» TO DO:
Each line below that holds the word "blocks" counts once; state the total number of such lines and nothing else.

» MATERIALS PROVIDED:
*-*-*
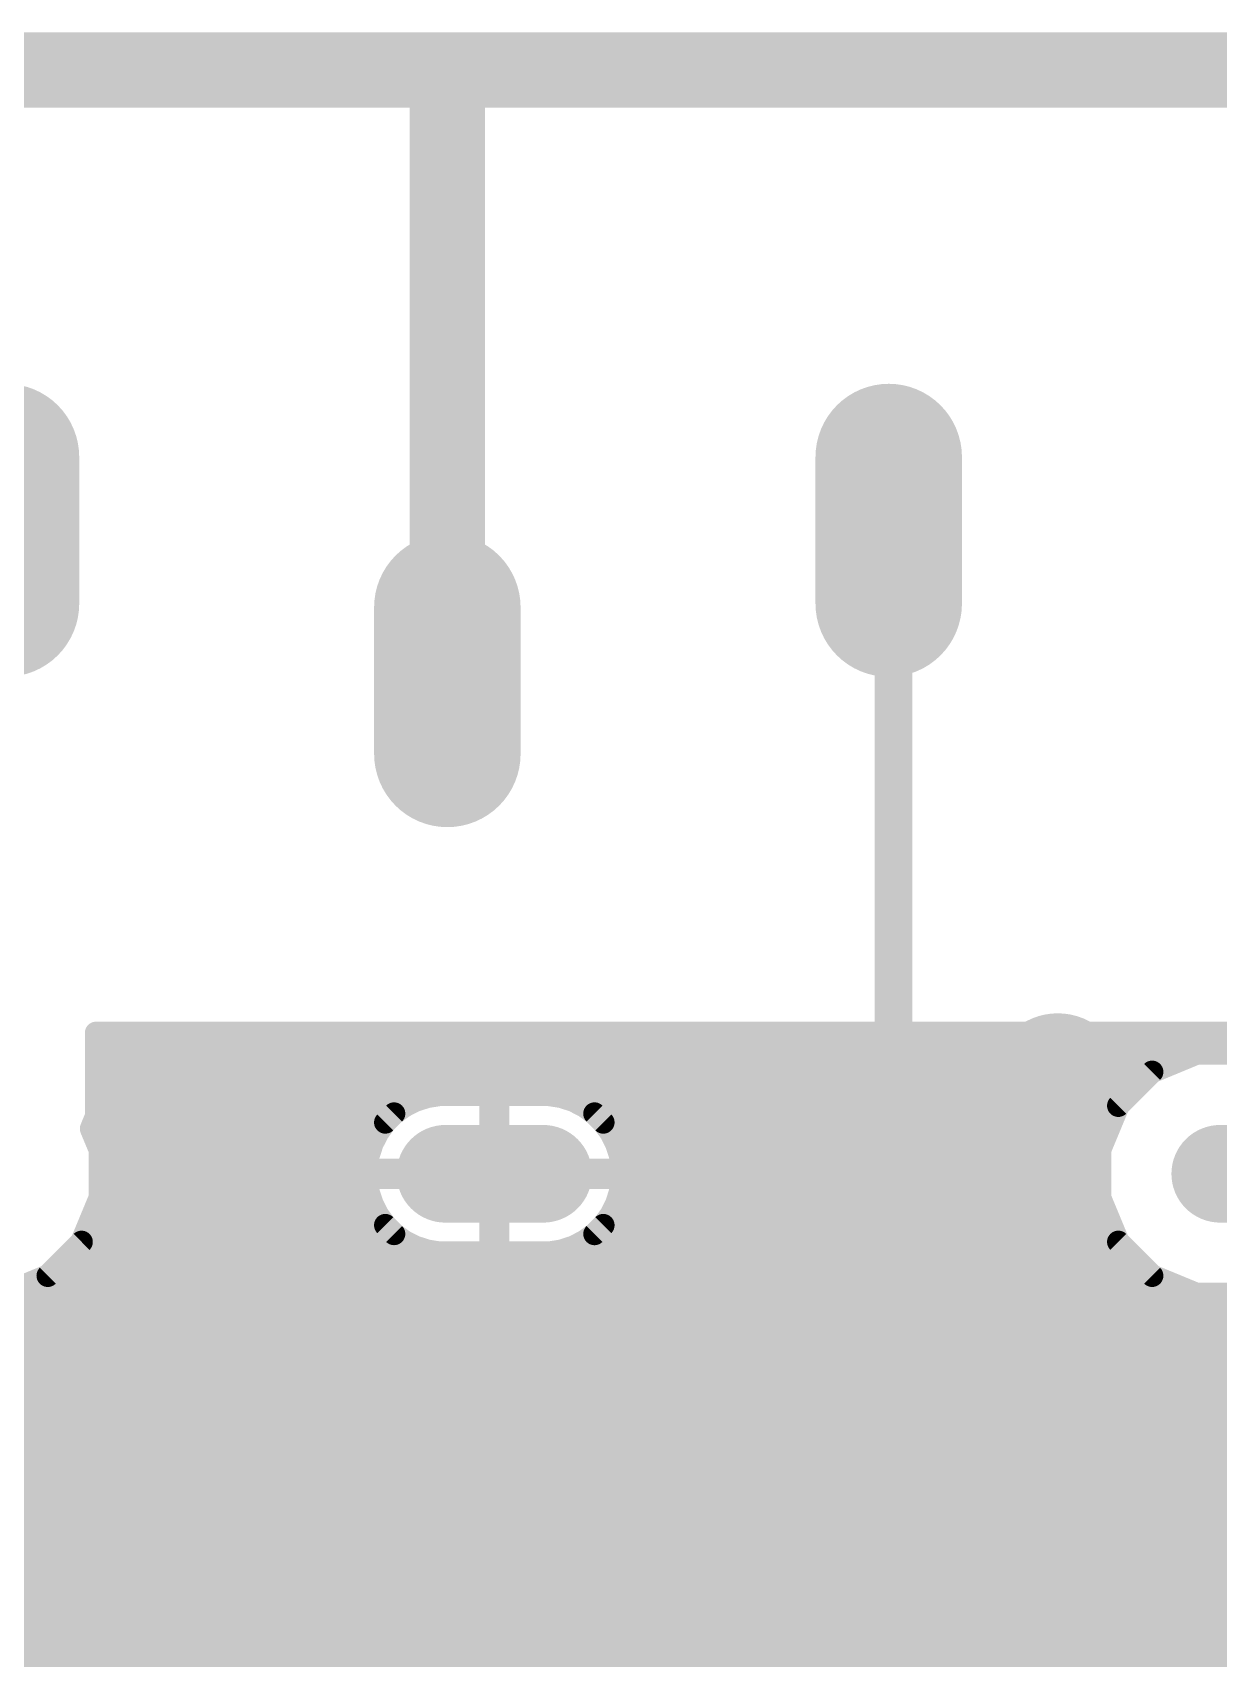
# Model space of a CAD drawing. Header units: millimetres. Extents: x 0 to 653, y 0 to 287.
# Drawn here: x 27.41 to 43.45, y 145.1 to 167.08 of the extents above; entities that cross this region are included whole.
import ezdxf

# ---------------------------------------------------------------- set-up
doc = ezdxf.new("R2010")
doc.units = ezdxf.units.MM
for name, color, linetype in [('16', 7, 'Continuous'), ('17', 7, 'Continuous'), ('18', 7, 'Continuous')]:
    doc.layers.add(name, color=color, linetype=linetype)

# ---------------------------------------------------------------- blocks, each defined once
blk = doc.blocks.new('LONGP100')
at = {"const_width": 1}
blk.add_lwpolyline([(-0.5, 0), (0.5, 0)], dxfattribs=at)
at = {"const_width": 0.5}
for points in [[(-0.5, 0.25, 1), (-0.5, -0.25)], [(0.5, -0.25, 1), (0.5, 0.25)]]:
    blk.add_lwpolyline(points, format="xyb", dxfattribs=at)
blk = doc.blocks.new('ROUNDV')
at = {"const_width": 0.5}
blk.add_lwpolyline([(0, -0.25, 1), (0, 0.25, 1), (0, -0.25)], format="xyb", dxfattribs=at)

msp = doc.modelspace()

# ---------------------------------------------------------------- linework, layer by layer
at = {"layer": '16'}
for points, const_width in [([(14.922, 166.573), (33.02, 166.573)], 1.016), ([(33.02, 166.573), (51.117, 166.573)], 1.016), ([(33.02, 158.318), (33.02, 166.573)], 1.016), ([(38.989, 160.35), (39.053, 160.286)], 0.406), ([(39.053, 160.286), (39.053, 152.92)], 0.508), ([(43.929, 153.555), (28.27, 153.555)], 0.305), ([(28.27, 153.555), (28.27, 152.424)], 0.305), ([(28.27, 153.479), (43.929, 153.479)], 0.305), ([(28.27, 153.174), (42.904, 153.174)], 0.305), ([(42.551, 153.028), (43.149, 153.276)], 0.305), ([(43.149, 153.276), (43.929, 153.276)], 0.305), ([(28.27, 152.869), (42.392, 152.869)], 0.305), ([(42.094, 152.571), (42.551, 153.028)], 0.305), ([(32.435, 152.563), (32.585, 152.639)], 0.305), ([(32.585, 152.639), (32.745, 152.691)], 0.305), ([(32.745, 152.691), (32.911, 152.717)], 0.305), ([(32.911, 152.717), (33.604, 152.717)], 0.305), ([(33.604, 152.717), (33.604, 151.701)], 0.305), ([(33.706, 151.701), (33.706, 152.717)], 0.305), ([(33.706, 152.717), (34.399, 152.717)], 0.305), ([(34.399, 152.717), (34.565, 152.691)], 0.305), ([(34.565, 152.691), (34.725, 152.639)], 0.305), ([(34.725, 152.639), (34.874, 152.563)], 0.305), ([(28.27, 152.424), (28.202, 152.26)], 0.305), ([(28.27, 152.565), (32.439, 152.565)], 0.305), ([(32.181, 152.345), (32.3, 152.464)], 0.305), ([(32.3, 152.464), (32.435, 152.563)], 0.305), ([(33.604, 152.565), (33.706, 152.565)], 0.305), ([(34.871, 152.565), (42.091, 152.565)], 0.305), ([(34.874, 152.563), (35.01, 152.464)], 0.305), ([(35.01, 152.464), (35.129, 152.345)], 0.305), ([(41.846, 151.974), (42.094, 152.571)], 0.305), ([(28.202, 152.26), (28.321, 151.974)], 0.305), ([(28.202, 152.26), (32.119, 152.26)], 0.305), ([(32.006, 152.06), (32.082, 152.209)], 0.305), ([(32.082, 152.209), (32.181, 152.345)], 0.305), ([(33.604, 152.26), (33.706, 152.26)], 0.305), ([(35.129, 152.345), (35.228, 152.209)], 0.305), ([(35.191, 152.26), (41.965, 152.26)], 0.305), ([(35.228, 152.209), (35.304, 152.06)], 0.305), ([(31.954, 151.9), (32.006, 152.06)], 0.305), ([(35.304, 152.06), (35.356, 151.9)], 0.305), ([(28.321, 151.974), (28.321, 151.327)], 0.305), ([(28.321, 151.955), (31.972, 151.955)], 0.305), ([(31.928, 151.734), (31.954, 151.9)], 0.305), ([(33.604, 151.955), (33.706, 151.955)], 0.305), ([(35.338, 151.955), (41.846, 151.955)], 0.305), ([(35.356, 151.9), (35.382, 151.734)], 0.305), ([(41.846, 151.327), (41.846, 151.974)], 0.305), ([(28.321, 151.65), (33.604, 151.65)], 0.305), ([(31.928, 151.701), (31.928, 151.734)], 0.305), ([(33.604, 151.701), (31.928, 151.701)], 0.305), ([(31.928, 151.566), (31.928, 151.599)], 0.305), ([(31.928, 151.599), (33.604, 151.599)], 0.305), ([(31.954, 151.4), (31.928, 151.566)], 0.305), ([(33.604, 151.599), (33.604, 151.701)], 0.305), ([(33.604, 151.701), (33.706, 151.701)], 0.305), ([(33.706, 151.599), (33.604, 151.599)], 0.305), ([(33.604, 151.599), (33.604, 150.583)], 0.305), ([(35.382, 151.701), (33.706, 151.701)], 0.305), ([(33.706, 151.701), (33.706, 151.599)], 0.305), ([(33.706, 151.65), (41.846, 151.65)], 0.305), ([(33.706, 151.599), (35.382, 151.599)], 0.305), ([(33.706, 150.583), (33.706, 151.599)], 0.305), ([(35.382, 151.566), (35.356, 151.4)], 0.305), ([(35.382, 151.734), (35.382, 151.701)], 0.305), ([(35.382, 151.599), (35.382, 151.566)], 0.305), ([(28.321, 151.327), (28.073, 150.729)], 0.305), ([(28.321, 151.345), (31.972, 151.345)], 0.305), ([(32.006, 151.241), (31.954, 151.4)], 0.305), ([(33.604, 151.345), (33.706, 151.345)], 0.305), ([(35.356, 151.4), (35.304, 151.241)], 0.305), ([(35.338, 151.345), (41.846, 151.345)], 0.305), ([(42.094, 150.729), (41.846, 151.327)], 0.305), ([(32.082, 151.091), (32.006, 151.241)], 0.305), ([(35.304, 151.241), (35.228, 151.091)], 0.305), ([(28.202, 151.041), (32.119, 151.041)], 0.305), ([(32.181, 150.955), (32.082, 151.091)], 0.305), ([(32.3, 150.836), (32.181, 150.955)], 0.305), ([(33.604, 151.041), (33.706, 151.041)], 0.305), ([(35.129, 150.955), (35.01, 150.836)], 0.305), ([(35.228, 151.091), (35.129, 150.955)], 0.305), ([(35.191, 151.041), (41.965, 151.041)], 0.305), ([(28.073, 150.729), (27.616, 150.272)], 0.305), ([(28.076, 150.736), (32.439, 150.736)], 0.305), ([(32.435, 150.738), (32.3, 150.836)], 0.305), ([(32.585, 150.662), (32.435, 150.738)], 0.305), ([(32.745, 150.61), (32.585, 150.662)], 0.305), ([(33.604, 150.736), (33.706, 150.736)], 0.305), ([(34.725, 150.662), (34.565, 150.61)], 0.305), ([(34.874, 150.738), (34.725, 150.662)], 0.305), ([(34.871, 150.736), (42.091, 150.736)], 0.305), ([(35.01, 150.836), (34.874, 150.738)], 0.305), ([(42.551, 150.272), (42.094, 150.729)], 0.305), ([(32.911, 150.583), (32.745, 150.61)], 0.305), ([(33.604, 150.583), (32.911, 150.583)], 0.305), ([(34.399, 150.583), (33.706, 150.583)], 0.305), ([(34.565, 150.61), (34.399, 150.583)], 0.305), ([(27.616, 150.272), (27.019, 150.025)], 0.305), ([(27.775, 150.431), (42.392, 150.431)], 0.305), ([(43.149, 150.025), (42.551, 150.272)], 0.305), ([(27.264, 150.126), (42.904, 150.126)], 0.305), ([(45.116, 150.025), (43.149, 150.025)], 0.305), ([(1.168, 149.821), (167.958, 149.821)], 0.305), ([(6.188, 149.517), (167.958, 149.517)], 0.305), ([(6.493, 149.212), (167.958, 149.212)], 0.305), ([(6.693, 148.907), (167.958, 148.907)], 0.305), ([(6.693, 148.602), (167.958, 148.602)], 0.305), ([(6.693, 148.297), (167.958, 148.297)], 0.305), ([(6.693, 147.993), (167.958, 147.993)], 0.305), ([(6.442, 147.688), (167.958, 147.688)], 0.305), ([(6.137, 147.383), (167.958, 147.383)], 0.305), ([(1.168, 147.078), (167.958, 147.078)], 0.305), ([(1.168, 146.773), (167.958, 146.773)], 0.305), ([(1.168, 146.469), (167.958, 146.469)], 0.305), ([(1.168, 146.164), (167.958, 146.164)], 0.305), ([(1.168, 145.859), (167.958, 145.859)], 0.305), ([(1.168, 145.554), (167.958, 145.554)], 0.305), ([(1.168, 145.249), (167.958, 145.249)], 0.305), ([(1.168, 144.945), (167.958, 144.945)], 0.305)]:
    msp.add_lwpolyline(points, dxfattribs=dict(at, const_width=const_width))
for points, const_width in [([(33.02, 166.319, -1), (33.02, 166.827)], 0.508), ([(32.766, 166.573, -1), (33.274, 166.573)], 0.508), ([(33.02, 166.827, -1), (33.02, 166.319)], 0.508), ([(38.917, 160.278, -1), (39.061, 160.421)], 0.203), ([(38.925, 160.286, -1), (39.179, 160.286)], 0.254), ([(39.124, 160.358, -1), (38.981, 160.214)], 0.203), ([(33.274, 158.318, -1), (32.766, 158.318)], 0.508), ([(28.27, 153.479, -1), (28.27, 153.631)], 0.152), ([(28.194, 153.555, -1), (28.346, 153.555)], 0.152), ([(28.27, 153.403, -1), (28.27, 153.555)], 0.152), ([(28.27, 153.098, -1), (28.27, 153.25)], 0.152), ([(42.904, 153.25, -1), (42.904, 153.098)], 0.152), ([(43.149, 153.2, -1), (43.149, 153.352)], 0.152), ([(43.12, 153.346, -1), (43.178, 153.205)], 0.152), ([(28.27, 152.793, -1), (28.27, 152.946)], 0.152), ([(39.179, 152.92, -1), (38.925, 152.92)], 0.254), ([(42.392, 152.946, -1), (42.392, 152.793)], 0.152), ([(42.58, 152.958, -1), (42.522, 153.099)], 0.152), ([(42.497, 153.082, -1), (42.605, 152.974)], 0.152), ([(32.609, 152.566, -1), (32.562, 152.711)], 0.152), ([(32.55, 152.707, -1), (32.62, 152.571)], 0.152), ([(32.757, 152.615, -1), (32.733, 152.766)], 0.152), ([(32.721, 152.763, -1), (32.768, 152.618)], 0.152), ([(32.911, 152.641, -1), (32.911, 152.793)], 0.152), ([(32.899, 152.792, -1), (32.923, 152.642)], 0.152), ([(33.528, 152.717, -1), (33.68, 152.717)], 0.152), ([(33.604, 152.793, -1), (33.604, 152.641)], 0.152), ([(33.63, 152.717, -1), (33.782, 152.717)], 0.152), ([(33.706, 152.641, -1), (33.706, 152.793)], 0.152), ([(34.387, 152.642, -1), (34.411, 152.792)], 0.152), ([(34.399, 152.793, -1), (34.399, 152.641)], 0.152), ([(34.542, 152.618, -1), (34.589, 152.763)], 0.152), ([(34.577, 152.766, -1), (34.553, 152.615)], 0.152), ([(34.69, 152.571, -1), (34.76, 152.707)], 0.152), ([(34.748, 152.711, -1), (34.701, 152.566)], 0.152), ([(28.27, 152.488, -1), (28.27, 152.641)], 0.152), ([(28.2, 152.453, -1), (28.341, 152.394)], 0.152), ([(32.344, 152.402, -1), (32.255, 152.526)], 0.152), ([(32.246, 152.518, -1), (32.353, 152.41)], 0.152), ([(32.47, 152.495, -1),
*-*-*
» WORKED SOLUTION:
3